Minister of Law and Justice
- In office 16 May 1996 – 1 June 1996
- Prime Minister: Atal Bihari Vajpayee
- Preceded by: Kotla Vijaya Bhaskara Reddy
- Succeeded by: Ramakant Khalap
- In office 8 June 1999 – 23 July 2000
- Prime Minister: Atal Bihari Vajpayee
- Preceded by: Rangarajan Kumaramangalam
- Succeeded by: Arun Jaitley

Minister of Urban Development
- In office 19 March 1998 – 14 June 1999
- Prime Minister: Atal Bihari Vajpayee
- Preceded by: Ummareddy Venkateswarlu
- Succeeded by: Jagmohan

Member of Parliament, Rajya Sabha
- In office 8 July 2016 – 8 September 2019
- Constituency: Bihar
- In office 5 July 2010 – 4 July 2016
- Constituency: Rajasthan
- In office 10 April 2006 – 26 August 2009
- Constituency: Nominated
- In office 3 April 1994 – 9 April 2006
- Constituency: Maharashtra
- In office 3 April 1988 – 2 April 1994
- Constituency: Karnataka

Member of Parliament, Lok Sabha
- In office 25 March 1977 – 31 December 1984
- Preceded by: Hari Ramchandra Gokhale
- Succeeded by: Sunil Dutt
- Constituency: Mumbai North-West

Personal details
- Born: 14 September 1923 Shikarpur, Bombay Presidency, British India (present-day Sindh, Pakistan)
- Died: 8 September 2019 (aged 95) New Delhi, India
- Party: Rashtriya Janata Dal (2016–2019)
- Other political affiliations: Bharatiya Janata Party (1980–1985, 2010–2013) Janata Dal (1989–1993) Pavitra Hindustan Kazhagam (1995)
- Spouses: ; Durga Jethmalani ​(m. 1941)​ ; Ratna Jethmalani ​(m. 1947)​
- Children: Mahesh Jethmalani
- Alma mater: S.C. Shahani Law College, Karachi- University of Bombay
- Profession: Lawyer, Jurist, Professor of Law, Politician, Entrepreneur, Philanthropist

= Ram Jethmalani =

Indian lawyer and politician (1923–2019)

Ram Boolchand Jethmalani (14 September 1923 – 8 September 2019) was an Indian lawyer and politician. He served as India's Minister of Law and Justice, as chairman of the Bar Council of India, and as the president of the Supreme Court Bar Association.

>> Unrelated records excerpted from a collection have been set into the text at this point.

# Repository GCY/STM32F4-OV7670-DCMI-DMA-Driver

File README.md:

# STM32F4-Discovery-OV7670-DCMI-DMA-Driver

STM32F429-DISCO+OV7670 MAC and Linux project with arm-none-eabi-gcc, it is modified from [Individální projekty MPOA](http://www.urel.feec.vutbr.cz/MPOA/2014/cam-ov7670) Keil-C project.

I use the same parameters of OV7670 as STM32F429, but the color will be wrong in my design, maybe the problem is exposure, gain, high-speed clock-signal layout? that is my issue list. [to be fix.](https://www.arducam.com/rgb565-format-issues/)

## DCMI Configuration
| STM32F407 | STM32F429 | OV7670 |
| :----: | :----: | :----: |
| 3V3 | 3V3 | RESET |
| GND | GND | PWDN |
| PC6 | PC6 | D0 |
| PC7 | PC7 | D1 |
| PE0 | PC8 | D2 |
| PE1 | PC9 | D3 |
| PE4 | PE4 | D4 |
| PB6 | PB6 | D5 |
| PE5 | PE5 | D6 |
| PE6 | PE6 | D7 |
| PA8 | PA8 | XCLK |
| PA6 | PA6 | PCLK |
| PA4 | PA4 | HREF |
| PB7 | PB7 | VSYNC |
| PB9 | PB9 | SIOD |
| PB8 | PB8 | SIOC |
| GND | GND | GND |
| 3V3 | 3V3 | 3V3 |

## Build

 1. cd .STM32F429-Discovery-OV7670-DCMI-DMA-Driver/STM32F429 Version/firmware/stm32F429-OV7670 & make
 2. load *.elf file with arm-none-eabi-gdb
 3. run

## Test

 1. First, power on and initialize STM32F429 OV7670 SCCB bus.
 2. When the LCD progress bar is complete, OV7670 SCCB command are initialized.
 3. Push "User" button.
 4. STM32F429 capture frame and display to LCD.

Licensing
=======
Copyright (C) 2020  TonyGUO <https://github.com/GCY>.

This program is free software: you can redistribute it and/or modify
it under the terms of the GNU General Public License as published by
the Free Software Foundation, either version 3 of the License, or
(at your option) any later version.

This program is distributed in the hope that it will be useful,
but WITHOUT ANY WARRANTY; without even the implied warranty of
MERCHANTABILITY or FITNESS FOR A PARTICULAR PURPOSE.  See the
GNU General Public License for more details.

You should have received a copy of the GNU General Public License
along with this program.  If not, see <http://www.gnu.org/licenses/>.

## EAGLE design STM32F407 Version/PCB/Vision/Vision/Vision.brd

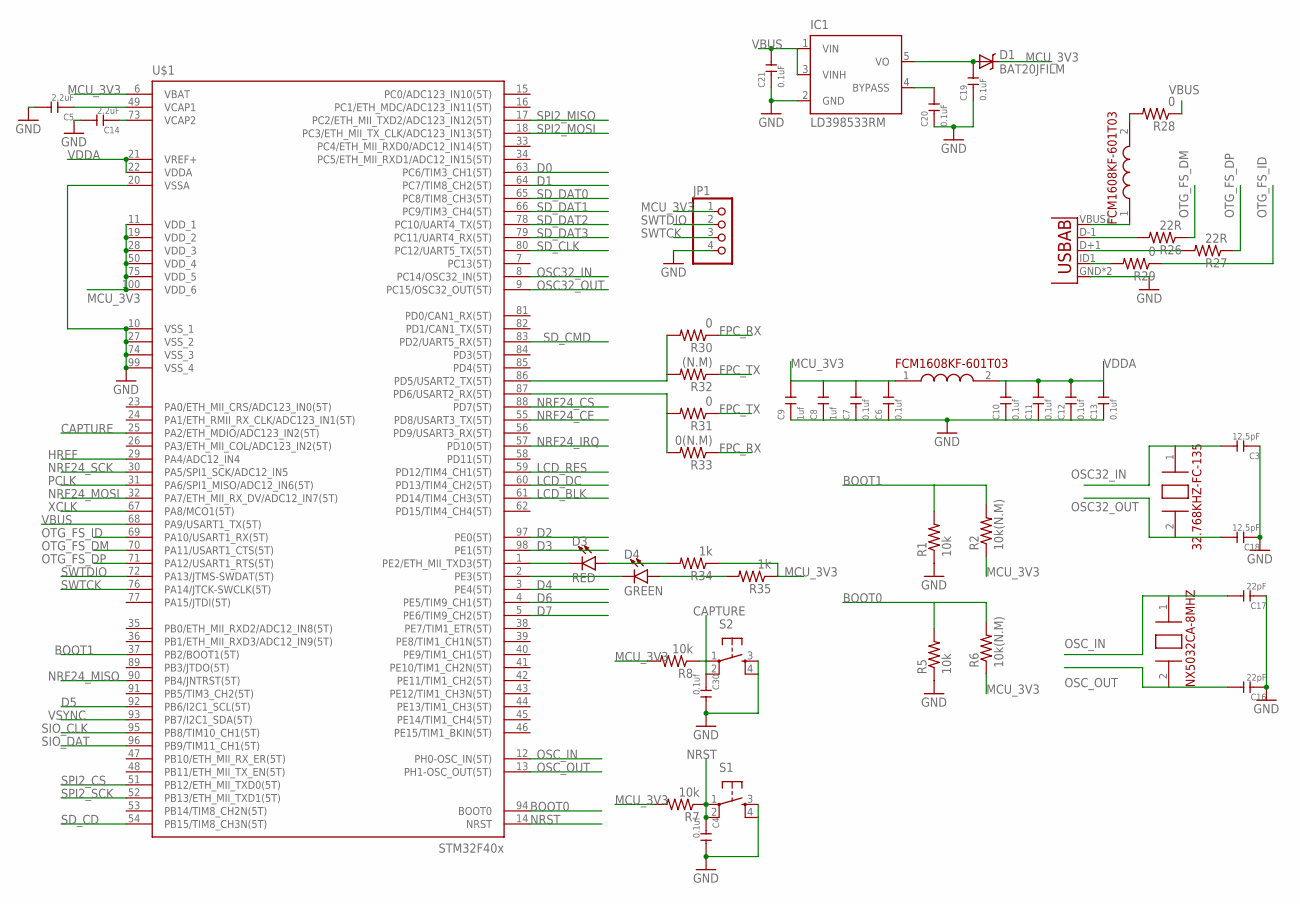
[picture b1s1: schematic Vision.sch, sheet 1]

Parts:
C3, C18: 12.5pF; C0603
C4, C6, C7, C10, C11, C12, C13, C30: 0.1uf; C0603
C5, C14: 2.2uF; C0603
C8, C9: 1uf; C0603
C16, C17: 22pF; C0603
C19, C20, C21: 0.1uF; C0603
D1: BAT20JFILM; SOD-323
D3: RED; LED-0603
D4: GREEN; LED-0603
IC1: LD398533RM; SOT23-5L
JP1: PINHD-1X4; 1X04
R1, R5, R7, R8: 10k; 0603
R2, R6: 10k(N.M); 0603
R26, R27: 22R; 0603-RES
R28, R29: 0; 0603-RES
R30, R31: 0; 0603
R32: (N.M); 0603
R33: 0(N.M); 0603
R34, R35: 1k; 0603
S1, S2: TAC_SWITCHSMD; TACTILE_SWITCH_SMD
U4: USB""; USB-MICRO-SMD
U$1: STM32F407V; TQFP100
U$2: NX5032CA-8MHZ
U$3, U$5: FCM1608KF-601T03
U$4: 32.768KHZ-FC-135

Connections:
BOOT0: R5.2, R6.2, U$1.94 (BOOT0)
BOOT1: R1.2, R2.2, U$1.37 (PB2/BOOT1(5T))
CAPTURE: C30.1, R8.1, S2.1, S2.2, U$1.25 (PA2/ETH_MDIO/ADC123_IN2(5T))
D0: U$1.63 (PC6/TIM3_CH1(5T)); also elsewhere on the board
D1: U$1.64 (PC7/TIM8_CH2(5T)); also elsewhere on the board
D2: U$1.97 (PE0(5T)); also elsewhere on the board
D3: U$1.98 (PE1(5T)); also elsewhere on the board
D4: U$1.3 (PE4(5T)); also elsewhere on the board
D5: U$1.92 (PB6/I2C1_SCL(5T)); also elsewhere on the board
D6: U$1.4 (PE5/TIM9_CH1(5T)); also elsewhere on the board
D7: U$1.5 (PE6/TIM9_CH2(5T)); also elsewhere on the board
FPC_RX: R30.1, R33.1; also elsewhere on the board
FPC_TX: R31.1, R32.1; also elsewhere on the board
GND: C3.1, C4.2, C5.2, C6.1, C7.1, C8.1, C9.1, C10.1, C11.1, C12.1, C13.1, C14.2, C16.1, C17.1, C18.1, C19.1, C20.1, C21.1, C30.2, IC1.2 (GND), JP1.4, R1.1, R5.1, S1.3, S1.4, S2.3, S2.4, U4.GND, U4.GND1 (GND), U$1.10 (VSS_1), U$1.20 (VSSA), U$1.27 (VSS_2), U$1.74 (VSS_3), U$1.99 (VSS_4); also elsewhere on the board
HREF: U$1.29 (PA4/ADC12_IN4); also elsewhere on the board
LCD_BLK: U$1.61 (PD14/TIM4_CH3(5T)); also elsewhere on the board
LCD_DC: U$1.60 (PD13/TIM4_CH2(5T)); also elsewhere on the board
LCD_RES: U$1.59 (PD12/TIM4_CH1(5T)); also elsewhere on the board
MCU_3V3: C6.2, C7.2, C8.2, C9.2, D1.1 (C), JP1.1, R2.1, R6.1, R7.2, R8.2, R34.1, R35.1, U$1.6 (VBAT), U$1.11 (VDD_1), U$1.19 (VDD_2), U$1.28 (VDD_3), U$1.50 (VDD_4), U$1.75 (VDD_5), U$1.100 (VDD_6), U$3.1 (1.IN); also elsewhere on the board
unnamed: D3.C, U$1.1 (PE2/ETH_MII_TXD3(5T))
unnamed: D4.C, U$1.2 (PE3(5T))
unnamed: D3.A, R34.2
unnamed: C5.1, U$1.49 (VCAP1)
unnamed: C14.1, U$1.73 (VCAP2)
unnamed: D4.A, R35.2
unnamed: C20.2, IC1.4 (BYPASS)
unnamed: R26.2, U4.D-1 (D-)
unnamed: C19.2, D1.2 (A), IC1.5 (VO)
unnamed: R27.2, U4.D+1 (D+)
unnamed: U4.VBUS1 (VBUS), U$5.1 (1.IN)
unnamed: R29.2, U4.ID1 (USBID)
unnamed: R28.2, U$5.2 (2.OUT)
NRF24_CE: U$1.55 (PD8/USART3_TX(5T)); also elsewhere on the board
NRF24_CS: U$1.88 (PD7(5T)); also elsewhere on the board
NRF24_IRQ: U$1.57 (PD10(5T)); also elsewhere on the board
NRF24_MISO: U$1.90 (PB4/JNTRST(5T)); also elsewhere on the board
NRF24_MOSI: U$1.32 (PA7/ETH_MII_RX_DV/ADC12_IN7(5T)); also elsewhere on the board
NRF24_SCK: U$1.30 (PA5/SPI1_SCK/ADC12_IN5); also elsewhere on the board
NRST: C4.1, R7.1, S1.1, S1.2, U$1.14 (NRST)
OSC32_IN: C3.2, U$1.8 (PC14/OSC32_IN(5T)), U$4.1 (1.XIN)
OSC32_OUT: C18.2, U$1.9 (PC15/OSC32_OUT(5T)), U$4.2 (2.XIN)
OSC_IN: C17.2, U$1.12 (PH0-OSC_IN(5T)), U$2.1 (1.XIN)
OSC_OUT: C16.2, U$1.13 (PH1-OSC_OUT(5T)), U$2.2 (2.XOUT)
OTG_FS_DM: R26.1, U$1.70 (PA11/USART1_CTS(5T))
OTG_FS_DP: R27.1, U$1.71 (PA12/USART1_RTS(5T))
OTG_FS_ID: R29.1, U$1.69 (PA10/USART1_RX(5T))
PCLK: U$1.31 (PA6/SPI1_MISO/ADC12_IN6(5T)); also elsewhere on the board
SD_CD: U$1.54 (PB15/TIM8_CH3N(5T)); also elsewhere on the board
SD_CLK: U$1.80 (PC12/UART5_TX(5T)); also elsewhere on the board
SD_CMD: U$1.83 (PD2/UART5_RX(5T)); also elsewhere on the board
SD_DAT0: U$1.65 (PC8/TIM8_CH3(5T)); also elsewhere on the board
SD_DAT1: U$1.66 (PC9/TIM3_CH4(5T)); also elsewhere on the board
SD_DAT2: U$1.78 (PC10/UART4_TX(5T)); also elsewhere on the board
SD_DAT3: U$1.79 (PC11/UART4_RX(5T)); also elsewhere on the board
SIO_CLK: U$1.95 (PB8/TIM10_CH1(5T)); also elsewhere on the board
SIO_DAT: U$1.96 (PB9/TIM11_CH1(5T)); also elsewhere on the board
SPI2_CS: U$1.51 (PB12/ETH_MII_TXD0(5T)); also elsewhere on the board
SPI2_MISO: U$1.17 (PC2/ETH_MII_TXD2/ADC123_IN12(5T)); also elsewhere on the board
SPI2_MOSI: U$1.18 (PC3/ETH_MII_TX_CLK/ADC123_IN13(5T)); also elsewhere on the board
SPI2_SCK: U$1.52 (PB13/ETH_MII_TXD1(5T)); also elsewhere on the board
SWTCK: JP1.3, U$1.76 (PA14/JTCK-SWCLK(5T))
SWTDIO: JP1.2, U$1.72 (PA13/JTMS-SWDAT(5T))
UART2_RX: R31.2, R33.2, U$1.87 (PD6/USART2_RX(5T))
UART2_TX: R30.2, R32.2, U$1.86 (PD5/USART2_TX(5T))
VBUS: C21.2, IC1.1 (VIN), IC1.3 (VINH), R28.1, U$1.68 (PA9/USART1_TX(5T))
VDDA: C10.2, C11.2, C12.2, C13.2, U$1.21 (VREF+), U$1.22 (VDDA), U$3.2 (2.OUT)
VSYNC: U$1.93 (PB7/I2C1_SDA(5T)); also elsewhere on the board
XCLK: U$1.67 (PA8/MCO1(5T)); also elsewhere on the board

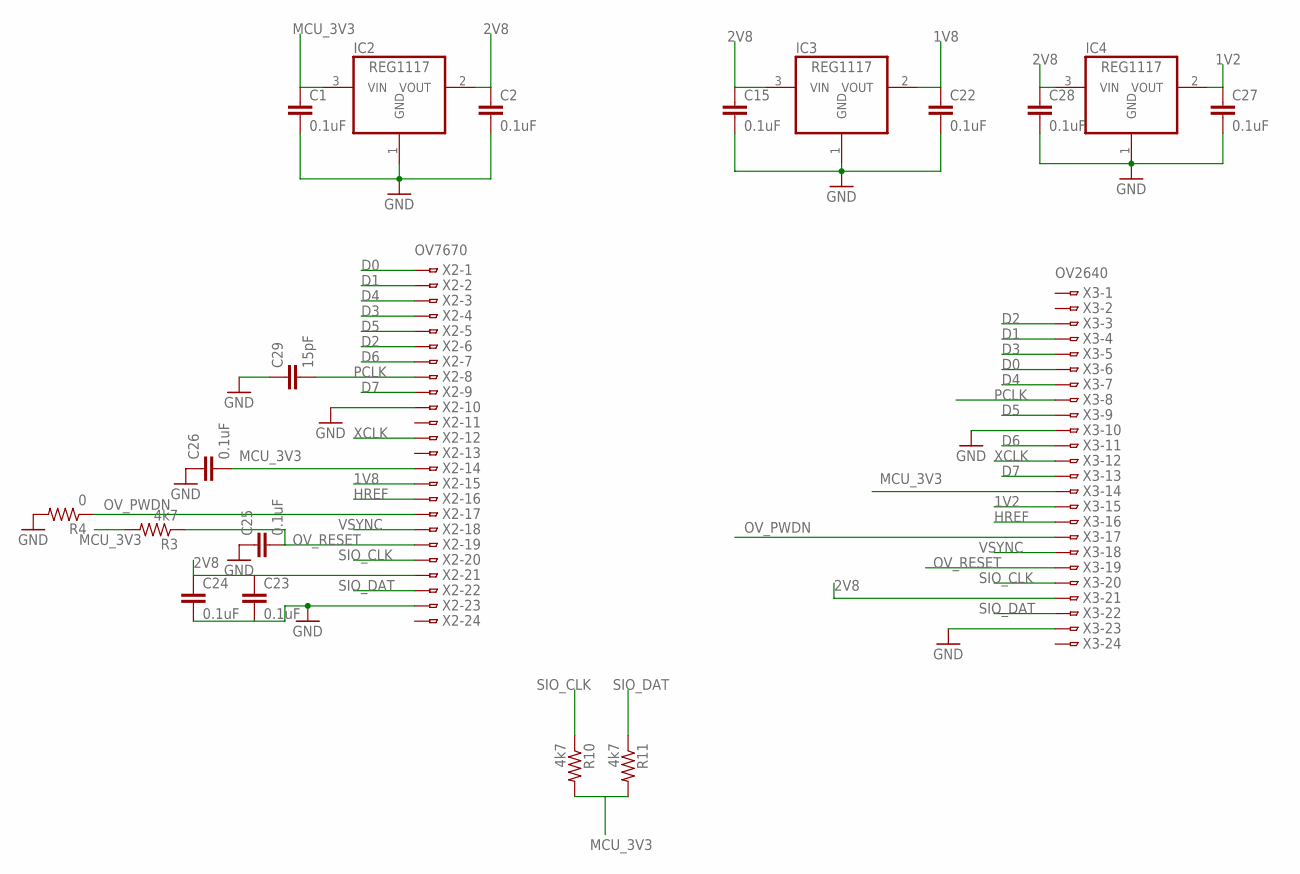
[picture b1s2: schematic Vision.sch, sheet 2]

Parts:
C1, C2, C15, C22, C23, C24, C25, C26, C27, C28: 0.1uF; 0805
C29: 15pF; 0805
IC2, IC3, IC4: REG1117; SOT223
R3, R10, R11: 4k7; 0603
R4: 0; 0603
X2: OV7670; FH12-24S-0.5SH
X3: OV2640; FH12-24S-0.5SH

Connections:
1V2: C27.1, IC4.2 (VOUT), X3.15
1V8: C22.1, IC3.2 (VOUT), X2.15
2V8: C2.1, C15.1, C23.1, C24.1, C28.1, IC2.2 (VOUT), IC3.3 (VIN), IC4.3 (VIN), X2.21, X3.21
D0: X2.1, X3.6; also elsewhere on the board
D1: X2.2, X3.4; also elsewhere on the board
D2: X2.6, X3.3; also elsewhere on the board
D3: X2.4, X3.5; also elsewhere on the board
D4: X2.3, X3.7; also elsewhere on the board
D5: X2.5, X3.9; also elsewhere on the board
D6: X2.7, X3.11; also elsewhere on the board
D7: X2.9, X3.13; also elsewhere on the board
GND: C1.2, C2.2, C15.2, C22.2, C23.2, C24.2, C25.1, C26.1, C27.2, C28.2, C29.1, IC2.1 (GND), IC3.1 (GND), IC4.1 (GND), R4.2, X2.10, X2.23, X3.10, X3.23; also elsewhere on the board
HREF: X2.16, X3.16; also elsewhere on the board
MCU_3V3: C1.1, C26.2, IC2.3 (VIN), R3.2, R10.2, R11.2, X2.14, X3.14; also elsewhere on the board
OV_PWDN: R4.1, X2.17, X3.17
OV_RESET: C25.2, R3.1, X2.19, X3.19
PCLK: C29.2, X2.8, X3.8; also elsewhere on the board
SIO_CLK: R10.1, X2.20, X3.20; also elsewhere on the board
SIO_DAT: R11.1, X2.22, X3.22; also elsewhere on the board
VSYNC: X2.18, X3.18; also elsewhere on the board
XCLK: X2.12, X3.12; also elsewhere on the board

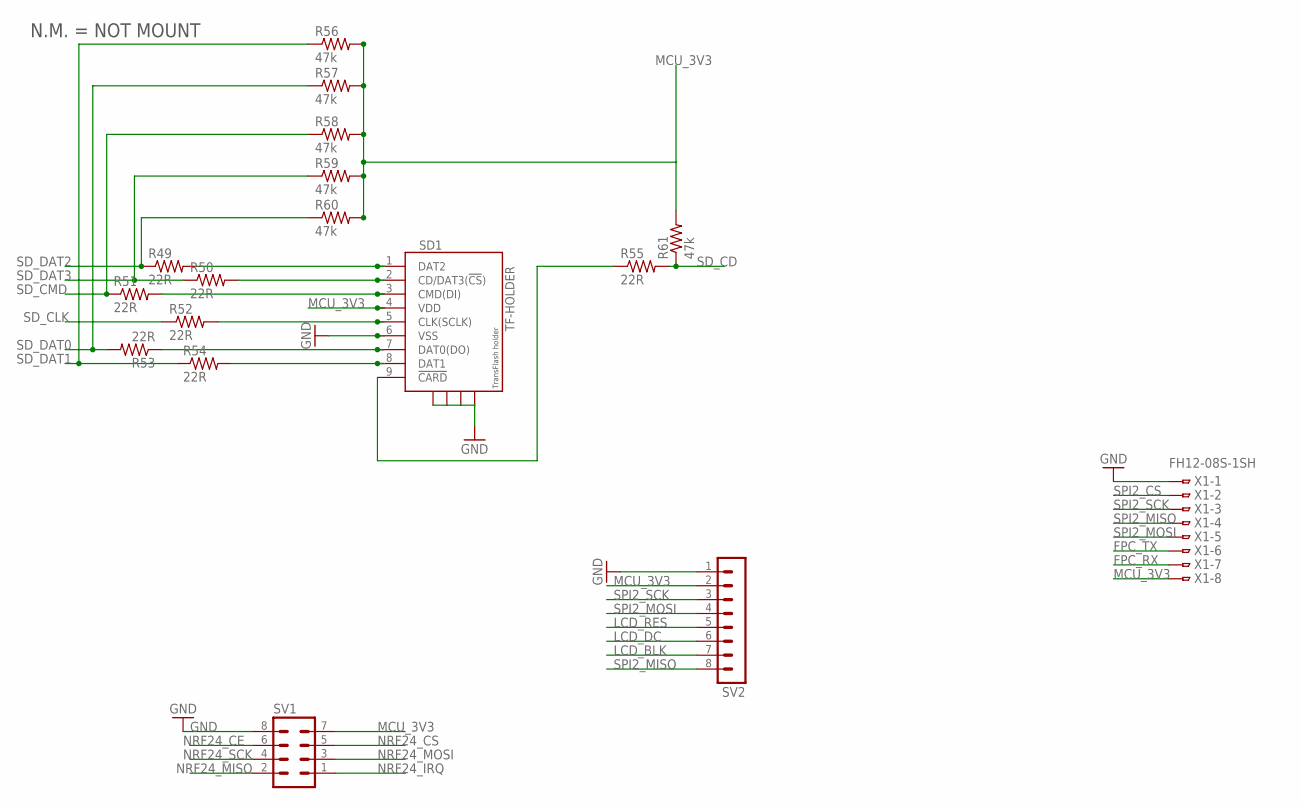
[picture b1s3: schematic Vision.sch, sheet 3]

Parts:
R49, R50, R51, R52, R53, R54, R55: 22R; 0603-RES
R56, R57, R58, R59, R60, R61: 47k; 0603-RES
SD1: TF-HOLDER; TF-PULL
SV1: MA04-2
SV2: MA08-1
X1: FH12-08S-1SH

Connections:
FPC_RX: X1.7; also elsewhere on the board
FPC_TX: X1.6; also elsewhere on the board
GND: SD1.6 (VSS), SD1.S1, SD1.S2, SD1.S3, SD1.S4, SV1.8, SV2.1, X1.1; also elsewhere on the board
LCD_BLK: SV2.7; also elsewhere on the board
LCD_DC: SV2.6; also elsewhere on the board
LCD_RES: SV2.5; also elsewhere on the board
MCU_3V3: R56.2, R57.2, R58.2, R59.2, R60.2, R61.2, SD1.4 (VDD), SV1.7, SV2.2, X1.8; also elsewhere on the board
unnamed: R49.2, SD1.1 (DAT2)
unnamed: R50.2, SD1.2 (CD/DAT3(!CS!))
unnamed: R51.2, SD1.3 (CMD(DI))
unnamed: R52.2, SD1.5 (CLK(SCLK))
unnamed: R53.1, SD1.7 (DAT0(DO))
unnamed: R54.2, SD1.8 (DAT1)
unnamed: R55.1, SD1.9 (!CARD)
NRF24_CE: SV1.6; also elsewhere on the board
NRF24_CS: SV1.5; also elsewhere on the board
NRF24_IRQ: SV1.1; also elsewhere on the board
NRF24_MISO: SV1.2; also elsewhere on the board
NRF24_MOSI: SV1.3; also elsewhere on the board
NRF24_SCK: SV1.4; also elsewhere on the board
SD_CD: R55.2, R61.1; also elsewhere on the board
SD_CLK: R52.1; also elsewhere on the board
SD_CMD: R51.1, R58.1; also elsewhere on the board
SD_DAT0: R53.2, R57.1; also elsewhere on the board
SD_DAT1: R54.1, R56.1; also elsewhere on the board
SD_DAT2: R49.1, R60.1; also elsewhere on the board
SD_DAT3: R50.1, R59.1; also elsewhere on the board
SPI2_CS: X1.2; also elsewhere on the board
SPI2_MISO: SV2.8, X1.4; also elsewhere on the board
SPI2_MOSI: SV2.4, X1.5; also elsewhere on the board
SPI2_SCK: SV2.3, X1.3; also elsewhere on the board

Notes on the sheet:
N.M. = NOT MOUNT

Jethmalani obtained his LL.B degree at the age of 17 and started practising law in his hometown, Shikarpur, until the Partition of India. The partition led him to move to Mumbai as a refugee where he began his life and career afresh. He announced his retirement from judicial profession in 2017.

Throughout his political career, Jethmalani worked for improving the relations between India and Pakistan, owing to his experiences as a refugee post-partition. He was elected as member of the Lok Sabha twice, contensting from Janata Party, from the Mumbai North West Lok Sabha constituency. He also served as the Minister of Housing and Urban Affairs in the first Atal Bihari Vajpayee ministry, against whom he later contested election in the 2004 Indian general elections from the Lucknow Lok Sabha constituency. He later returned to BJP in 2010, and was elected to the Rajya Sabha on its ticket.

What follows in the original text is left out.